Petitions must be consistent with general elections statutes and petition sufficiency requirements in Title 29A and RCW 35.21.005 respectively. If a proposal fails due to an insufficient number of signatures, rejection by a boundary review board, or failure to receive the necessary votes in an election, no petition may be submitted that contains 75 percent or more of the same area for five years from the date of the last action. A district initiated by petition after the effective date of this act does not have the power of eminent domain.

If the proposed district includes territory from more than one county, separate ballots must be submitted to the applicable voters in each county. Results must be tabulated separately, and the district must receive a majority of votes in each area.

The authority of the district board of commissioners does not supersede the authority of any other taxing district.

Appropriation: None.

Fiscal Note: Not requested.

Committee/Commission/Task Force Created: No.

Effective Date: Ninety days after adjournment of session in which bill is passed.

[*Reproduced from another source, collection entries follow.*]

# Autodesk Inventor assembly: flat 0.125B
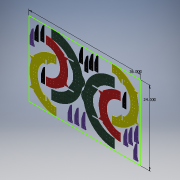
[picture p0: Inventor's stored thumbnail of the model, 180x180]
Saved by Autodesk Inventor 2016 (Build 200138000, 138)
## iProperties
Created: 2016-02-06
Part Number: flat 0.125B
Document SubType Name: Assembly
Designer: Scott
Author: Scott
## Documents named in this file (6)
- F:\Dropbox\CubeSat\Cleaned_Up_Helmholtz_Model_for_Manual\Flat_Patterns\flat 0.125B.iam
- F:\Dropbox\CubeSat\Cleaned_Up_Helmholtz_Model_for_Manual\Parts\Small_Coil_Outer.ipt
- F:\Dropbox\CubeSat\Cleaned_Up_Helmholtz_Model_for_Manual\Parts\Medium_Coil_Outer.ipt
- F:\Dropbox\CubeSat\Cleaned_Up_Helmholtz_Model_for_Manual\Parts\Large_Coil_Outer_Top.ipt
- F:\Dropbox\CubeSat\Cleaned_Up_Helmholtz_Model_for_Manual\Parts\Coil_Retainer_2_Hole.ipt
- F:\Dropbox\CubeSat\Cleaned_Up_Helmholtz_Model_for_Manual\Parts\Coil_Retainer_3_Hole.ipt
## Components (22 placed, 5 different names)
1. Large_Coil_Outer_Top:1
2. Large_Coil_Outer_Top:2
3. Medium_Coil_Outer:2 — Flush:8
4. Medium_Coil_Outer:1 — Flush:8
5. Small_Coil_Outer:2
6. Small_Coil_Outer:3
7. Coil_Retainer_2_Hole:1 — Flush:14
8. Coil_Retainer_2_Hole:2 — Flush:14
9. Coil_Retainer_2_Hole:3 — Flush:15, Flush:16
10. Coil_Retainer_2_Hole:4 — Flush:15
11. Coil_Retainer_2_Hole:5 — Flush:16, Flush:17
12. Coil_Retainer_2_Hole:6 — Flush:19
13. Coil_Retainer_2_Hole:7 — Flush:17, Flush:18
14. Coil_Retainer_2_Hole:8 — Flush:18, Flush:19
15. Coil_Retainer_3_Hole:1
16. Coil_Retainer_3_Hole:2
17. Coil_Retainer_3_Hole:3
18. Coil_Retainer_3_Hole:4
19. Coil_Retainer_3_Hole:5
20. Coil_Retainer_3_Hole:6
21. Coil_Retainer_3_Hole:7
22. Coil_Retainer_3_Hole:8
## Relationships (7: Flush 7)
- Flush:8: Medium_Coil_Outer:2 ↔ Medium_Coil_Outer:1
- Flush:14: Coil_Retainer_2_Hole:1 ↔ Coil_Retainer_2_Hole:2
- Flush:15: Coil_Retainer_2_Hole:3 ↔ Coil_Retainer_2_Hole:4
- Flush:16: Coil_Retainer_2_Hole:3 ↔ Coil_Retainer_2_Hole:5
- Flush:17: Coil_Retainer_2_Hole:5 ↔ Coil_Retainer_2_Hole:7
- Flush:18: Coil_Retainer_2_Hole:7 ↔ Coil_Retainer_2_Hole:8
- Flush:19: Coil_Retainer_2_Hole:6 ↔ Coil_Retainer_2_Hole:8

Staff Summary of Public Testimony: PRO: This is about technical cleanup and clarification, not creating new barriers. The bill clarifies which standard will apply for petitions. BRBs are the only entities that can assure there is no cherry-picking in the formation of a district. Theoretically, one county could put a proposition on the ballot even though the other county disagrees. Both jurisdictions should have equal say. The five-year limit and the eminent domain issue are areas of concern. There has been misinformation surrounding this bill. There are demonstrated flaws that this bill will fix. The bill actually makes it easier for districts to be formed. SEPA and GMA should be required, and BRBs are the mechanism for enforcing the GMA. Eminent domain should be left in the hands of government professionals.

CON: Parks are facing unprecedented potential disclosures. This bill says we don't want to trust voters, or give folks a chance to repackage and try again. Most entities have eminent domain, and park districts shouldn't be treated differently. Counties that don't have a BRB would be required to have one. A metropolitan park district is often the best model for funding, especially at a regional level. This takes away the district's ability to adapt. Needs are defined by the service area, not the county boundaries. Deferred maintenance will be a problem. It makes more sense for a park district to use eminent domain than for any other entity to use it. This comes down to the notion of self-determination and local control. There are only eight metropolitan park districts.

Persons Testifying: PRO: Representative Morris, prime sponsor; Roger Mitchell, North Sound Conservancy.

CON: Marc Connelly, Peninsula Metro Park District; Travis Stombaugh, Si View Metro Park District; Doug Levy, Washington Recreation and Park Association; Jessi Richarson, city of Sammamish; Vern Veysey, Realtors.